#### Supplied records

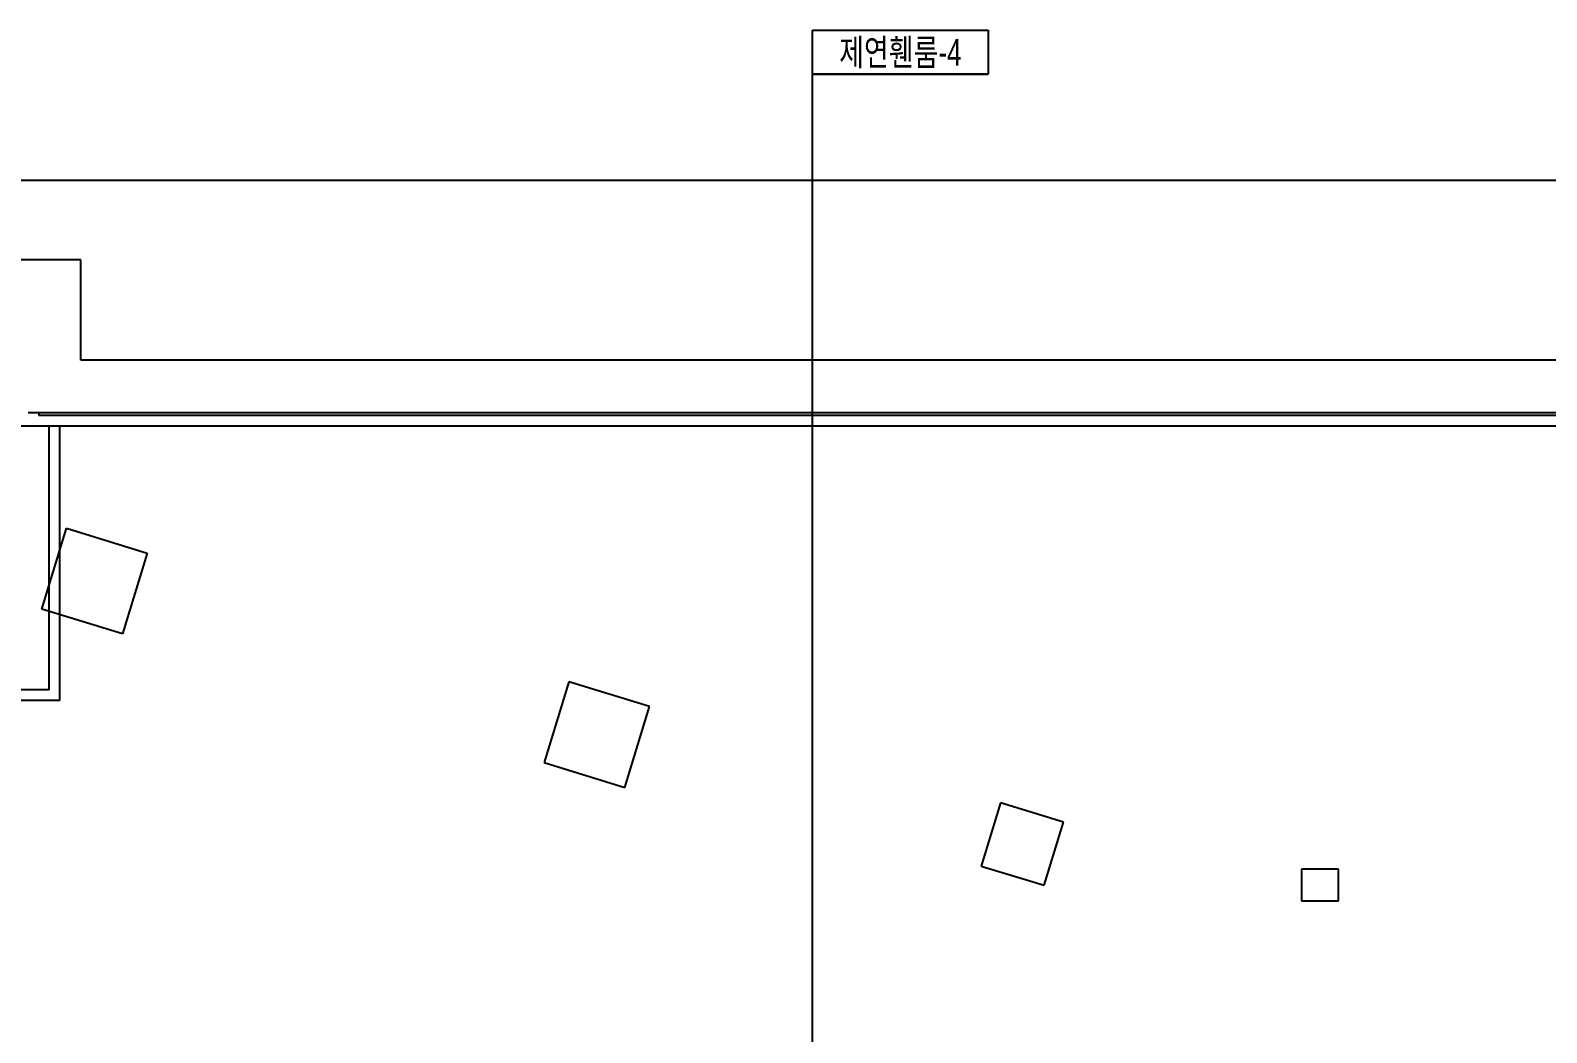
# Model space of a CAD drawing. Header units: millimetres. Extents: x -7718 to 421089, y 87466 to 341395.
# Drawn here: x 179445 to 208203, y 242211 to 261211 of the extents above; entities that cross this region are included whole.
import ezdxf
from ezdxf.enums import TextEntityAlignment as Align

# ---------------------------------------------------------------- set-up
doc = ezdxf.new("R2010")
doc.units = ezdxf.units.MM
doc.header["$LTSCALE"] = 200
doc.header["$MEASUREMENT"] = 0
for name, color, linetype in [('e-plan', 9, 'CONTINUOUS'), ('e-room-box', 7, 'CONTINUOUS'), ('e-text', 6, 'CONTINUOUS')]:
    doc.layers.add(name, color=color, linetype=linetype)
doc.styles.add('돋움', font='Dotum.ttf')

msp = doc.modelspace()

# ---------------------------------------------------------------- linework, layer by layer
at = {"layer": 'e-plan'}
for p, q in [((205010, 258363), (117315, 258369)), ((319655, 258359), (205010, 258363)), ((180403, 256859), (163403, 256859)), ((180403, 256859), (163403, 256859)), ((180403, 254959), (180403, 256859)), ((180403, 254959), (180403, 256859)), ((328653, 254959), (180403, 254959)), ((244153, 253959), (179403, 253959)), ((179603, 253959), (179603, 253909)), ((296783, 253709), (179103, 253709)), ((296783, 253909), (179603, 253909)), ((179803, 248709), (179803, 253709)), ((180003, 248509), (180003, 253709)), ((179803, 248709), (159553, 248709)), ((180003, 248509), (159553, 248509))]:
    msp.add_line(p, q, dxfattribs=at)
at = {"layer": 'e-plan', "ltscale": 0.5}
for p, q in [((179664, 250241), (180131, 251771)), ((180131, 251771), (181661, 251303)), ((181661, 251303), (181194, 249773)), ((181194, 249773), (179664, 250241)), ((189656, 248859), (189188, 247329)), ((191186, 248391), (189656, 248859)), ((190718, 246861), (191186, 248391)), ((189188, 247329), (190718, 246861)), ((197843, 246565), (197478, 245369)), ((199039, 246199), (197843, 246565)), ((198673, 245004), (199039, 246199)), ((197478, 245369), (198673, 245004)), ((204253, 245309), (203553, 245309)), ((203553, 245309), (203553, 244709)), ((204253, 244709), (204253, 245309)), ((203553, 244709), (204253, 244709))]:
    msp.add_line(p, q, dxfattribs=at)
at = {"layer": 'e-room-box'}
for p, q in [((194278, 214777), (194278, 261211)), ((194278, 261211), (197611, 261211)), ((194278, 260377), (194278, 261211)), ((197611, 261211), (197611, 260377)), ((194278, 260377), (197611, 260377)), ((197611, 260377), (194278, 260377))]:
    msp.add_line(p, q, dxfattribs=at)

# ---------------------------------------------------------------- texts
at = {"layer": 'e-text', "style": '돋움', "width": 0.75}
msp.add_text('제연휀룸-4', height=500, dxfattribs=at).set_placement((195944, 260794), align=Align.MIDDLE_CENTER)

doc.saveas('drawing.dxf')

########

- Task instructions: From the first line to the last, repeat the records exactly, leaving out the pictures.

- Reply to the task:
# Model space of a CAD drawing. Header units: millimetres. Extents: x -7718 to 421089, y 87466 to 341395.
# Drawn here: x 179445 to 208203, y 242211 to 261211 of the extents above; entities that cross this region are included whole.
import ezdxf
from ezdxf.enums import TextEntityAlignment as Align

# ---------------------------------------------------------------- set-up
doc = ezdxf.new("R2010")
doc.units = ezdxf.units.MM
doc.header["$LTSCALE"] = 200
doc.header["$MEASUREMENT"] = 0
for name, color, linetype in [('e-plan', 9, 'CONTINUOUS'), ('e-room-box', 7, 'CONTINUOUS'), ('e-text', 6, 'CONTINUOUS')]:
    doc.layers.add(name, color=color, linetype=linetype)
doc.styles.add('돋움', font='Dotum.ttf')

msp = doc.modelspace()

# ---------------------------------------------------------------- linework, layer by layer
at = {"layer": 'e-plan'}
for p, q in [((205010, 258363), (117315, 258369)), ((319655, 258359), (205010, 258363)), ((180403, 256859), (163403, 256859)), ((180403, 256859), (163403, 256859)), ((180403, 254959), (180403, 256859)), ((180403, 254959), (180403, 256859)), ((328653, 254959), (180403, 254959)), ((244153, 253959), (179403, 253959)), ((179603, 253959), (179603, 253909)), ((296783, 253709), (179103, 253709)), ((296783, 253909), (179603, 253909)), ((179803, 248709), (179803, 253709)), ((180003, 248509), (180003, 253709)), ((179803, 248709), (159553, 248709)), ((180003, 248509), (159553, 248509))]:
    msp.add_line(p, q, dxfattribs=at)
at = {"layer": 'e-plan', "ltscale": 0.5}
for p, q in [((179664, 250241), (180131, 251771)), ((180131, 251771), (181661, 251303)), ((181661, 251303), (181194, 249773)), ((181194, 249773), (179664, 250241)), ((189656, 248859), (189188, 247329)), ((191186, 248391), (189656, 248859)), ((190718, 246861), (191186, 248391)), ((189188, 247329), (190718, 246861)), ((197843, 246565), (197478, 245369)), ((199039, 246199), (197843, 246565)), ((198673, 245004), (199039, 246199)), ((197478, 245369), (198673, 245004)), ((204253, 245309), (203553, 245309)), ((203553, 245309), (203553, 244709)), ((204253, 244709), (204253, 245309)), ((203553, 244709), (204253, 244709))]:
    msp.add_line(p, q, dxfattribs=at)
at = {"layer": 'e-room-box'}
for p, q in [((194278, 214777), (194278, 261211)), ((194278, 261211), (197611, 261211)), ((194278, 260377), (194278, 261211)), ((197611, 261211), (197611, 260377)), ((194278, 260377), (197611, 260377)), ((197611, 260377), (194278, 260377))]:
    msp.add_line(p, q, dxfattribs=at)

# ---------------------------------------------------------------- texts
at = {"layer": 'e-text', "style": '돋움', "width": 0.75}
msp.add_text('제연휀룸-4', height=500, dxfattribs=at).set_placement((195944, 260794), align=Align.MIDDLE_CENTER)

doc.saveas('drawing.dxf')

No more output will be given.